By Victoria Mas

I would classify The Mad Women’s Ball as Literary Fiction, but it’s also historical. There are some real figures from Paris at the time within the novel, and the Salpêtrière hospital (asylum) did exist, and its history is at least as dark as what is told to us in the pages of this story. The elapsed time within this story is a matter of weeks – not counting the epilogue.
We follow two main characters. The first, Geneviève, is a senior nurse at the hospital and she worships Doctor Charcot and fully believes in the work he is doing at the hospital and that he (and by extension, she) is helping these women. Her view is very much one of the time, and yet there are the odd rather perceptive observations, even if she doesn’t follow through with the logic of these to their real meaning.
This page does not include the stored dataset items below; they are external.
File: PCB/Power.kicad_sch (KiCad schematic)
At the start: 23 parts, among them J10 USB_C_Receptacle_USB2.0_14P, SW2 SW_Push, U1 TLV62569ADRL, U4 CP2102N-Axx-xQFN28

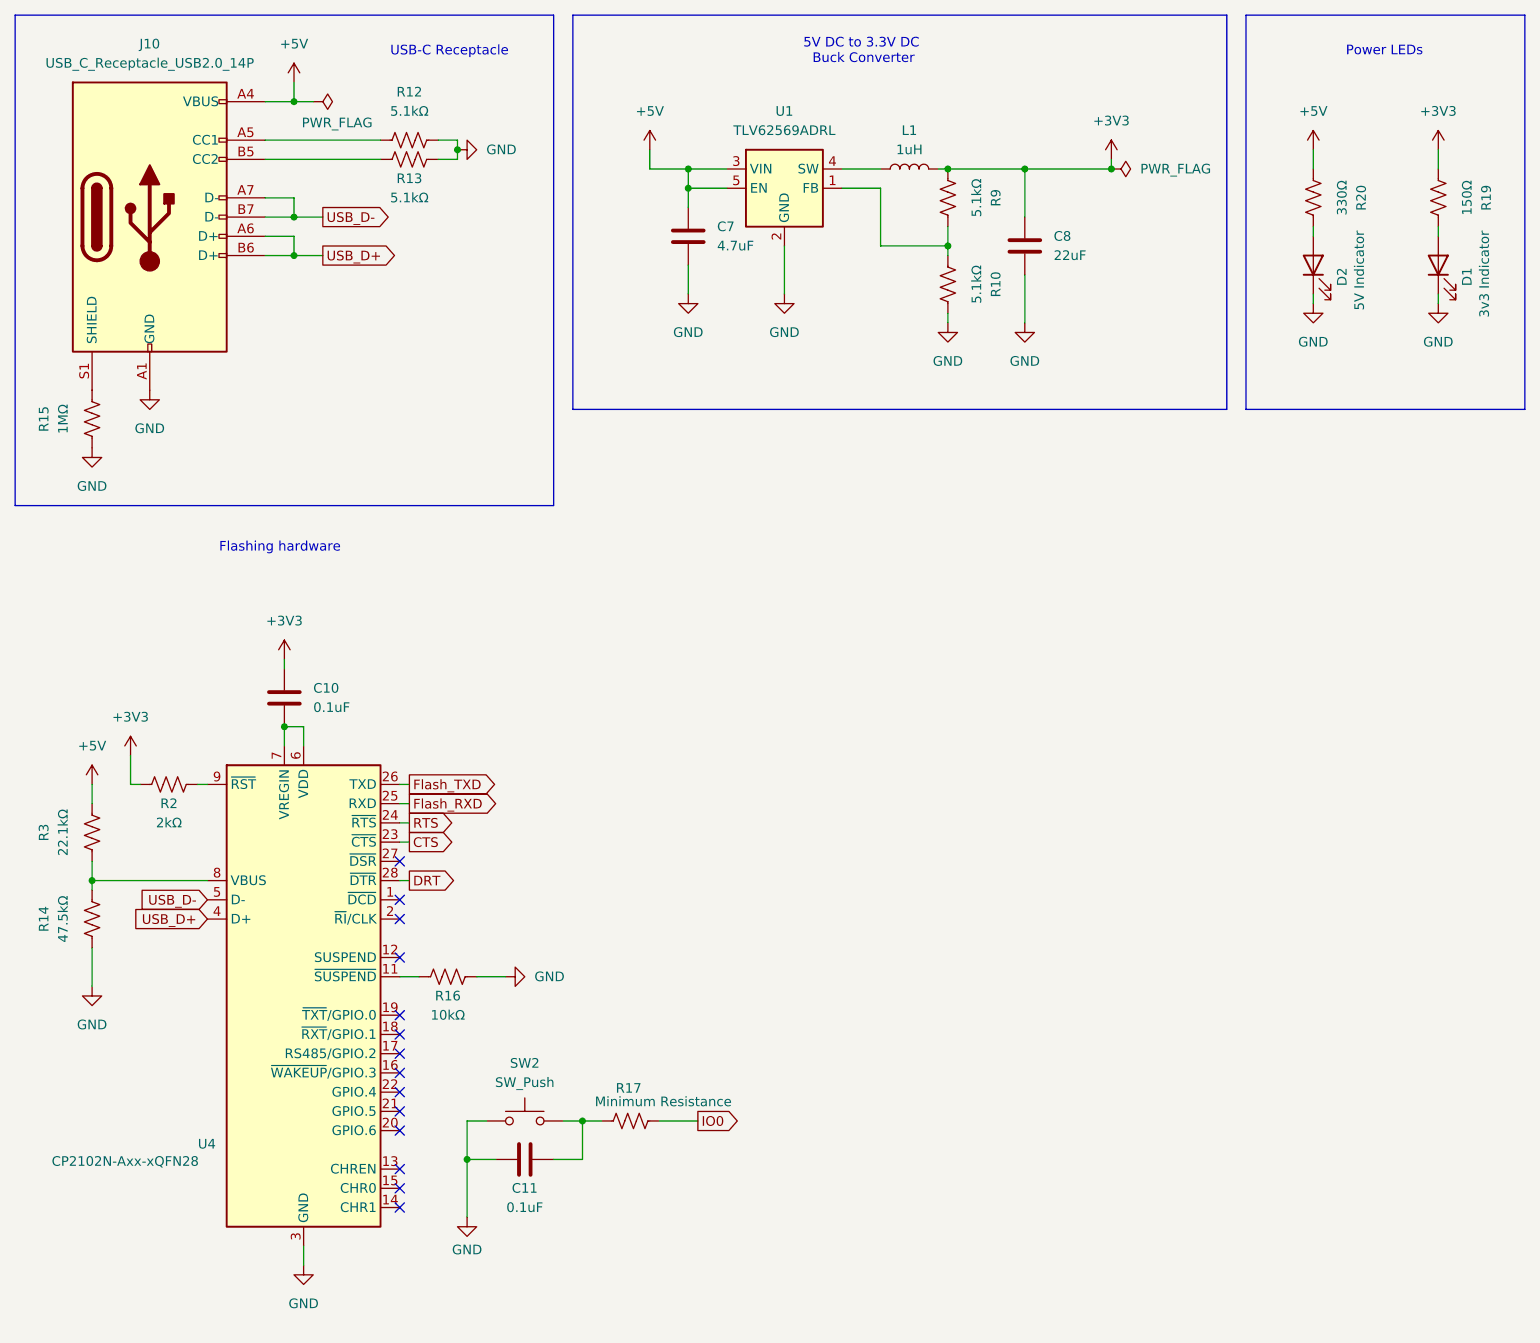
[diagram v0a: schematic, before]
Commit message: Created BOM and added USBC footprint
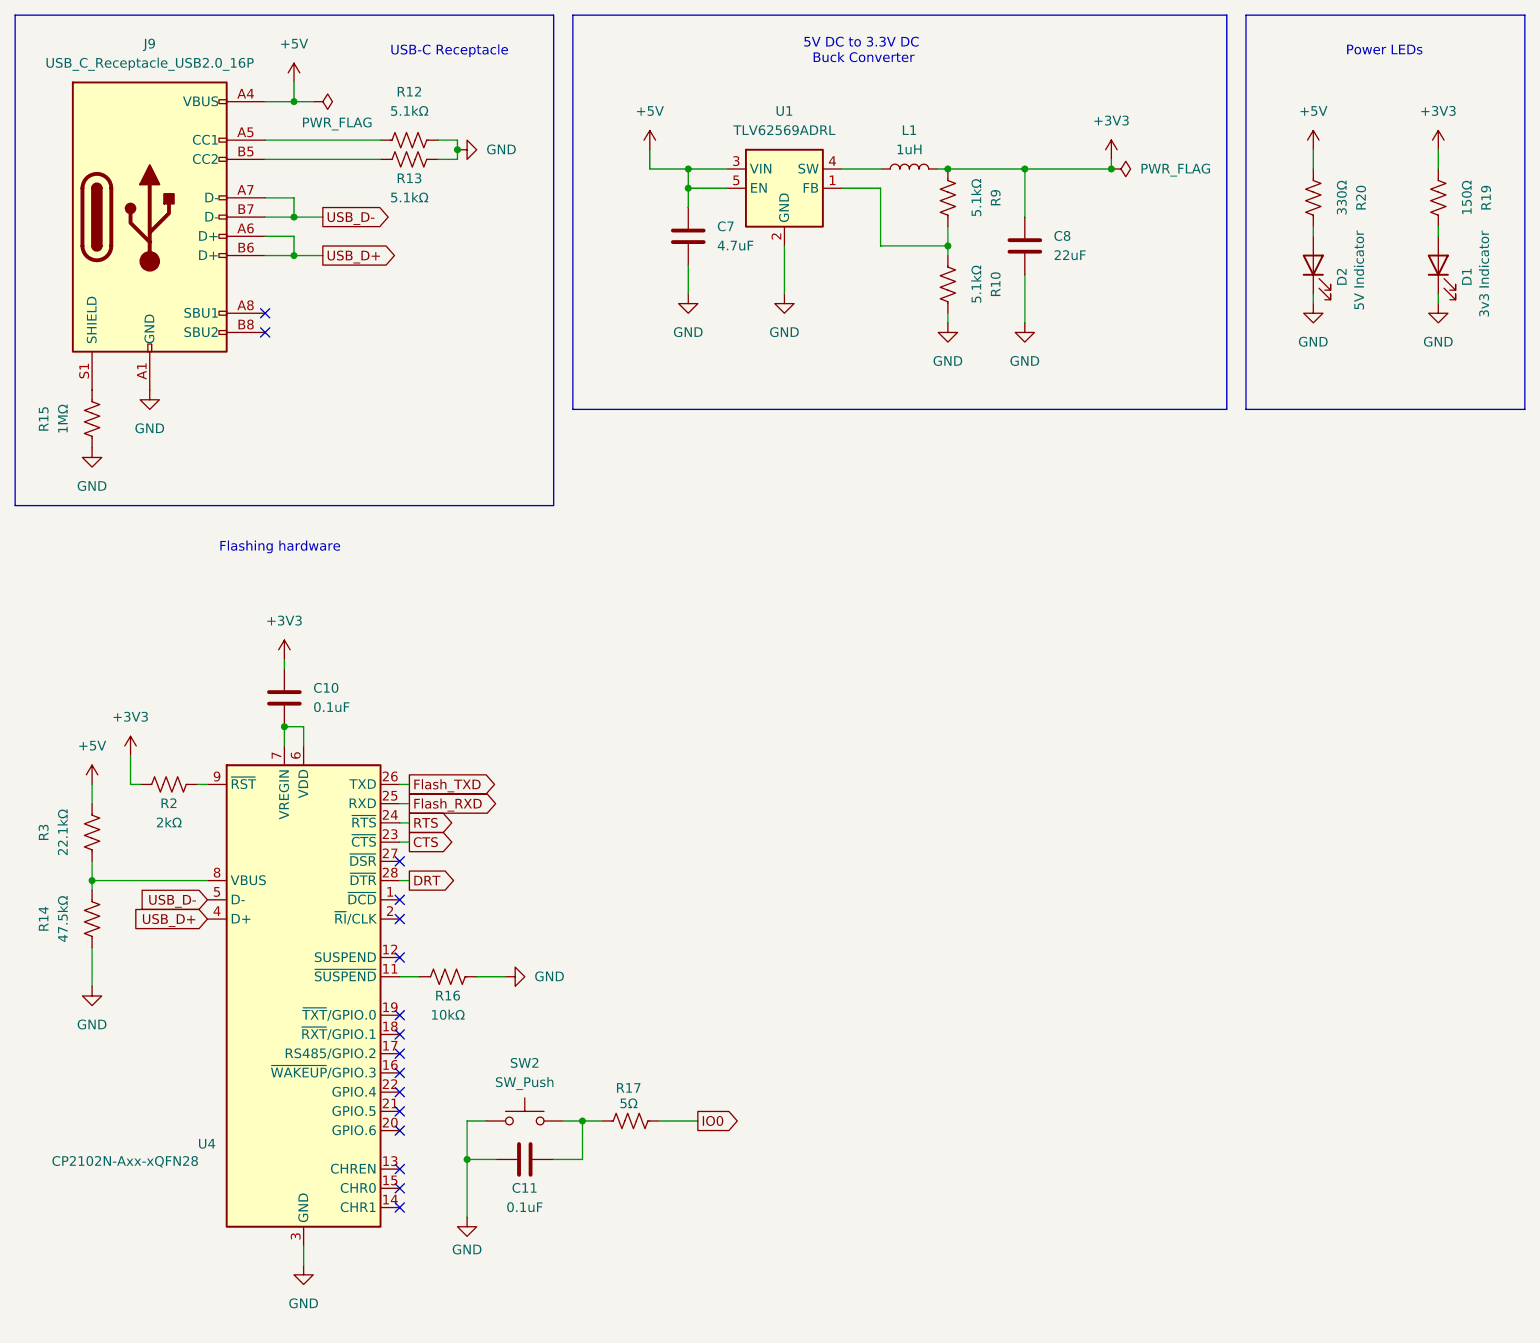
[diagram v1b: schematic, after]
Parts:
- removed J10: USB_C_Receptacle_USB2.0_14P, symbol Connector:USB_C_Receptacle_USB2.0_14P
- added J9: USB_C_Receptacle_USB2.0_16P, Connector_USB:USB_C_Receptacle_G-Switch_GT-USB-7010ASV, symbol Connector:USB_C_Receptacle_USB2.0_16P
- R17: value Minimum Resistance -> 5Ω
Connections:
- net +5V: now also J9.A4 (VBUS), J9.A9 (VBUS), J9.B4 (VBUS), J9.B9 (VBUS)
- net GND: now also J9.A1 (GND), J9.A12 (GND), J9.B1 (GND), J9.B12 (GND)
- net USB_D+: now also J9.A6 (D+), J9.B6 (D+)
- net USB_D-: now also J9.A7 (D-), J9.B7 (D-)
- net at R13.1: now also J9.B5 (CC2)
- net at R12.1: now also J9.A5 (CC1)
- net at R15.2: now also J9.S1 (SHIELD)
- no-connect marks 14 -> 16
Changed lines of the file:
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@@
 	)
 	(no_connect
+		(at 46.99 55.88)
+	)
+	(no_connect
+		(at 46.99 53.34)
+	)
+	(no_connect
 		(at 64.77 153.67)
 	)
@@
 	(wire
 		(pts
+			(xy 46.99 43.18) (xy 50.8 43.18)
+		)
+		(stroke
+			(width 0)
+			(type default)
+		)
+	)
+	(wire
+		(pts
 			(xy 88.9 165.1) (xy 88.9 160.02)
 		)
@@
 	(wire
 		(pts
+			(xy 46.99 30.48) (xy 62.23 30.48)
+		)
+		(stroke
+			(width 0)
+			(type default)
+		)
+	)
+	(wire
+		(pts
 			(xy 97.79 34.29) (xy 102.87 34.29)
 		)
@@
 	(wire
 		(pts
-			(xy 46.99 43.18) (xy 50.8 43.18)
-		)
-		(stroke
-			(width 0)
-			(type default)
-		)
-	)
-	(wire
-		(pts
 			(xy 73.66 172.72) (xy 73.66 165.1)
 		)
@@
 	(wire
 		(pts
-			(xy 46.99 40.64) (xy 50.8 40.64)
-		)
-		(stroke
-			(width 0)
-			(type default)
-		)
-	)
-	(wire
-		(pts
 			(xy 50.8 43.18) (xy 50.8 45.72)
 		)
@@
 	(wire
 		(pts
-			(xy 137.16 44.45) (xy 137.16 41.91)
+			(xy 46.99 33.02) (xy 62.23 33.02)
 		)
 		(stroke
@@
 	(wire
 		(pts
-			(xy 46.99 30.48) (xy 62.23 30.48)
+			(xy 137.16 44.45) (xy 137.16 41.91)
 		)
 		(stroke
@@
 	(wire
 		(pts
-			(xy 97.79 34.29) (xy 97.79 31.75)
+			(xy 46.99 45.72) (xy 50.8 45.72)
 		)
 		(stroke
@@
 	(wire
 		(pts
-			(xy 46.99 45.72) (xy 50.8 45.72)
+			(xy 97.79 34.29) (xy 97.79 31.75)
 		)
 		(stroke
@@
 	(wire
 		(pts
-			(xy 53.34 25.4) (xy 50.8 25.4)
+			(xy 46.99 40.64) (xy 50.8 40.64)
 		)
 		(stroke
@@
 	(wire
 		(pts
-			(xy 147.32 34.29) (xy 158.75 34.29)
+			(xy 53.34 25.4) (xy 50.8 25.4)
 		)
 		(stroke
@@
 	(wire
 		(pts
-			(xy 24.13 125.73) (xy 24.13 128.27)
+			(xy 147.32 34.29) (xy 158.75 34.29)
 		)
 		(stroke
@@
 	(wire
 		(pts
-			(xy 46.99 25.4) (xy 50.8 25.4)
+			(xy 24.13 125.73) (xy 24.13 128.27)
 		)
 		(stroke
@@
 	(wire
 		(pts
-			(xy 64.77 120.65) (xy 66.04 120.65)
+			(xy 46.99 25.4) (xy 50.8 25.4)
 		)
 		(stroke
@@
 	(wire
 		(pts
-			(xy 76.2 160.02) (xy 73.66 160.02)
+			(xy 64.77 120.65) (xy 66.04 120.65)
 		)
 		(stroke
@@
 	(wire
 		(pts
-			(xy 46.99 33.02) (xy 62.23 33.02)
+			(xy 76.2 160.02) (xy 73.66 160.02)
 		)
 		(stroke
@@
 	)
 	(symbol
+		(lib_id "Connector:USB_C_Receptacle_USB2.0_16P")
+		(at 31.75 40.64 0)
+		(unit 1)
+		(exclude_from_sim no)
+		(in_bom yes)
+		(on_board yes)
+		(dnp no)
+		(fields_autoplaced yes)
+		(property "Reference" "J9"
+			(at 31.75 17.78 0)
+			(effects
+				(font
+					(size 1.27 1.27)
+				)
+			)
+		)
+		(property "Value" "USB_C_Receptacle_USB2.0_16P"
+			(at 31.75 20.32 0)
+			(effects
+				(font
+					(size 1.27 1.27)
+				)
+			)
+		)
+		(property "Footprint" "Connector_USB:USB_C_Receptacle_G-Switch_GT-USB-7010ASV"
+			(at 35.56 40.64 0)
+			(effects
+				(font
+					(size 1.27 1.27)
+				)
+				(hide yes)
+			)
+		)
+		(property "Datasheet" "https://www.usb.org/sites/default/files/documents/usb_type-c.zip"
+			(at 35.56 40.64 0)
+			(effects
+				(font
+					(size 1.27 1.27)
+				)
+				(hide yes)
+			)
+		)
+		(property "Description" "USB 2.0-only 16P Type-C Receptacle connector"
+			(at 31.75 40.64 0)
+			(effects
+				(font
+					(size 1.27 1.27)
+				)
+				(hide yes)
+			)
+		)
+		(pin "A1"
+		)
+		(pin "A12"
+		)
+		(pin "S1"
+		)
+		(pin "A9"
+		)
+		(pin "B12"
+		)
+		(pin "B5"
+		)
+		(pin "B6"
+		)
+		(pin "A4"
+		)
+		(pin "A5"
+		)
+		(pin "A8"
+		)
+		(pin "B8"
+		)
+		(pin "B1"
+		)
+		(pin "B7"
+		)
+		(pin "B9"
+		)
+		(pin "A7"
+		)
+		(pin "A6"
+		)
+		(pin "B4"
+		)
+		(instances
+			(project ""
+				(path "/38abc652-c887-4ef7-a45f-d93ca7f4b2d6/2d9f036a-c70f-4011-9e39-88b7ded8327f"
+					(reference "J9")
+					(unit 1)
+				)
+			)
+		)
+	)
+	(symbol
 		(lib_id "power:GND")
 		(at 147.32 54.61 0)
@@
 			)
 		)
-		(property "Value" "Minimum Resistance"
-			(at 99.568 157.48 90)
+		(property "Value" "5Ω"
+			(at 94.996 157.734 90)
 			(effects
 				(font
@@
 					(unit 1)
 				)
-			)
-		)
-	)
-	(symbol
-		(lib_id "Connector:USB_C_Receptacle_USB2.0_14P")
-		(at 31.75 40.64 0)
-		(unit 1)
-		(exclude_from_sim no)
-		(in_bom yes)
-		(on_board yes)
-		(dnp no)
-		(fields_autoplaced yes)
-		(property "Reference" "J10"
-			(at 31.75 17.78 0)
-			(effects
-				(font
-					(size 1.27 1.27)
-				)
-			)
-		)
-		(property "Value" "USB_C_Receptacle_USB2.0_14P"
-			(at 31.75 20.32 0)
-			(effects
-				(font
-					(size 1.27 1.27)
-				)
-			)
-		)
-		(property "Footprint" ""
-			(at 35.56 40.64 0)
-			(effects
-				(font
-					(size 1.27 1.27)
-				)
-				(hide yes)
-			)
-		)
-		(property "Datasheet" "https://www.usb.org/sites/default/files/documents/usb_type-c.zip"
-			(at 35.56 40.64 0)
-			(effects
-				(font
-					(size 1.27 1.27)
-				)
-				(hide yes)
-			)
-		)
-		(property "Description" "USB 2.0-only 14P Type-C Receptacle connector"
-			(at 31.75 40.64 0)
-			(effects
-				(font
-					(size 1.27 1.27)
-				)
-				(hide yes)
-			)
-		)
-		(pin "B12"
-		)
-		(pin "A1"
-		)
-		(pin "A6"
-		)
-		(pin "B4"
-		)
-		(pin "B1"
-		)
-		(pin "A9"
-		)
-		(pin "A4"
-		)
-		(pin "A7"
-		)
-		(pin "A5"
-		)
-		(pin "B6"
-		)
-		(pin "B9"
-		)
-		(pin "S1"
-		)
-		(pin "A12"
-		)
-		(pin "B5"
-		)
-		(pin "B7"
-		)
-		(instances
-			(project ""
-				(path "/38abc652-c887-4ef7-a45f-d93ca7f4b2d6/2d9f036a-c70f-4011-9e39-88b7ded8327f"
-					(reference "J10")
-					(unit 1)
-				)

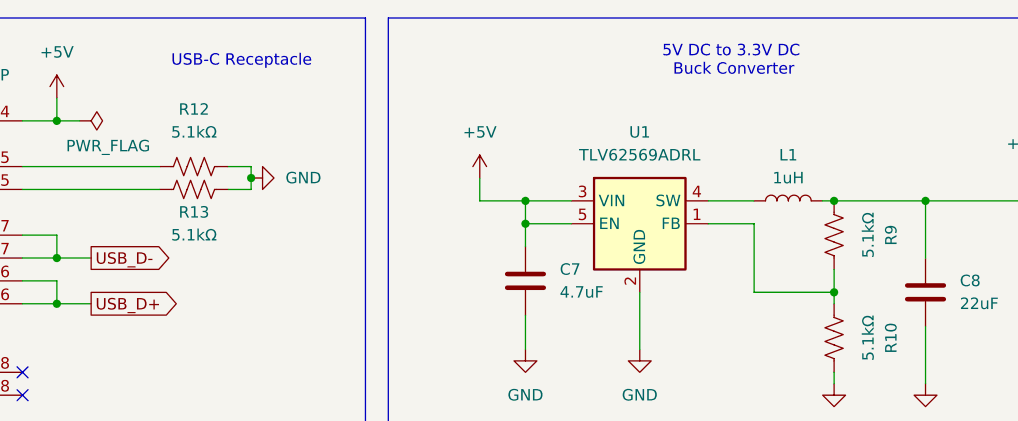
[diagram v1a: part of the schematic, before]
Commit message: Some updates suggested by Ryan (The 1 sem senior design prof)
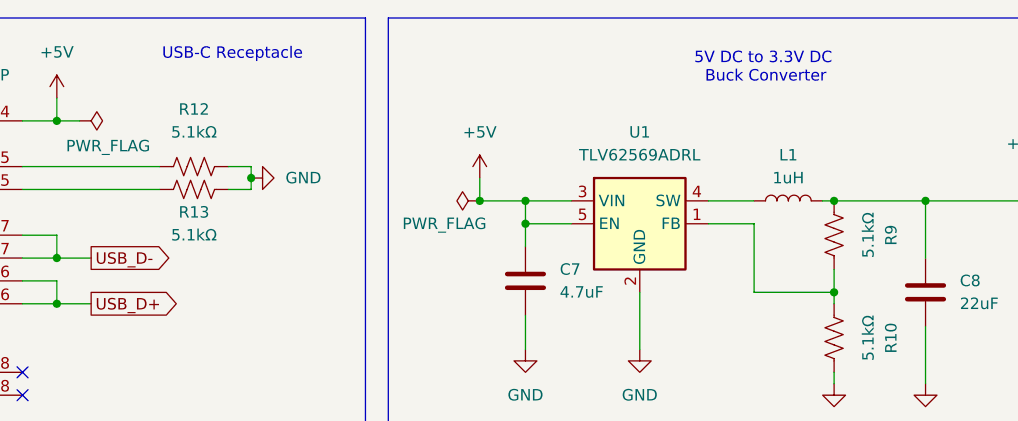
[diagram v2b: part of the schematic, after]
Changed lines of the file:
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@@
 	(text "5V DC to 3.3V DC\n Buck Converter"
 		(exclude_from_sim no)
-		(at 125.73 18.796 0)
+		(at 129.286 19.558 0)
 		(effects
 			(font
@@
 	(text "USB-C Receptacle \n"
 		(exclude_from_sim no)
-		(at 63.5 19.558 0)
+		(at 62.484 18.796 0)
 		(effects
 			(font
@@
 	(junction
 		(at 147.32 34.29)
+		(diameter 0)
+		(color 0 0 0 0)
+	)
+	(junction
+		(at 97.79 34.29)
 		(diameter 0)
 		(color 0 0 0 0)
@@
 					(unit 1)
 				)
+			)
+		)
+	)
+	(symbol
+		(lib_id "power:PWR_FLAG")
+		(at 97.79 34.29 90)
+		(unit 1)
+		(exclude_from_sim no)
+		(in_bom yes)
+		(on_board yes)
+		(dnp no)
+		(property "Reference" "#FLG03"
+			(at 95.885 34.29 0)
+			(effects
+				(font
+					(size 1.27 1.27)
+				)
+				(hide yes)
+			)
+		)
+		(property "Value" "PWR_FLAG"
+			(at 98.552 36.83 90)
+			(effects
+				(font
+					(size 1.27 1.27)
+				)
+				(justify left)
+			)
+		)
+		(property "Footprint" ""
+			(at 97.79 34.29 0)
+			(effects
+				(font
+					(size 1.27 1.27)
+				)
+				(hide yes)
+			)
+		)
+		(property "Datasheet" "~"
+			(at 97.79 34.29 0)
+			(effects
+				(font
+					(size 1.27 1.27)
+				)
+				(hide yes)
+			)
+		)
+		(property "Description" "Special symbol for telling ERC where power comes from"
+			(at 97.79 34.29 0)
+			(effects
+				(font
+					(size 1.27 1.27)
+				)
+				(hide yes)
+			)
+		)
+		(pin "1"
+		)
+		(instances
+			(project "Smart_Backpack"
+				(path "/38abc652-c887-4ef7-a45f-d93ca7f4b2d6/2d9f036a-c70f-4011-9e39-88b7ded8327f"
+					(reference "#FLG03")
+					(unit 1)
+				)

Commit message: Alert: Fat inductor incoming
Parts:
- L1: footprint Inductor_SMD:L_1206_3216Metric_Pad1.42x1.75mm_HandSolder -> WeBench_Inductor:IND_BOURNS_SRN8040
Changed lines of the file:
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@@
 			)
 		)
-		(property "Footprint" "Inductor_SMD:L_1206_3216Metric_Pad1.42x1.75mm_HandSolder"
+		(property "Footprint" "WeBench_Inductor:IND_BOURNS_SRN8040"
 			(at 132.08 34.29 0)
 			(effects

This hospital unsettles all those who enter its walls, especially a man who has come to commit his daughter, or his wife, or his mother. Geneviève has lost count of the men she has seen sitting in this same chair: labourers, florists, teachers, chemists, merchants, fathers, brothers, husbands – but for their initiative, the Salpêtrière would doubtless be less populous. Granted, women sometimes bring other women here – mothers, though more often mothers-in-law, sometimes aunts, but the majority of the patients have been committed by the men whose name they share. It is the most wretched fate: without a husband, a father, there is no support – and no consideration for their existence.
The second, is Eugénie, an independent thinking woman who has no trouble voicing her opinion.
Eugénie glances up at her father.
“When you talk about an intelligent youth, you are referring to both boys and girls, are you not, Papa?”
“As I have already told you, a woman’s place is not in the public domain.”
“How sad to imagine a Paris composed only of men.”
“Hush, Eugénie.”
“Men are too serious; they don’t know how to have fun. Women know how to be serious, but we also know how to laugh.”
“Do not contradict me.”
“I am not contradicting you, we are having a debate. Which is precisely what you are encouraging Théophile and his friends to do tomorrow -“
Which is of course how she ends up in the Salpêtrière, although the fact that she sees ghosts is used as the excuse.
While there are some women in the Salpêtrière who do need help, the majority seem to be there because of PTSD reactions to sexual assaults, or being too much trouble to male relations, or being a young widow who didn’t grieve their dead husband in the way their mother-in-law expected. The way they are treated by the doctors is horrifying, made even more so by Geneviève comment that it has been much better since the arrival of Doctor Charcot.
Knowing the stories of all of the women in the asylum, while fiction, could be based on true historical figures engendered an anger in me. As it probably will for most women reading it.
So while the core of the story is the tale of how Geneviève and Eugénie cross paths at the asylum and how they help each other, there is so much more in the pages of this book. I have a lot of thoughts on what I read, but I can’t share them here without telling you of events in the book that you should read for yourself.
It was an uncomfortable read. But a very good one, and one I would recommend.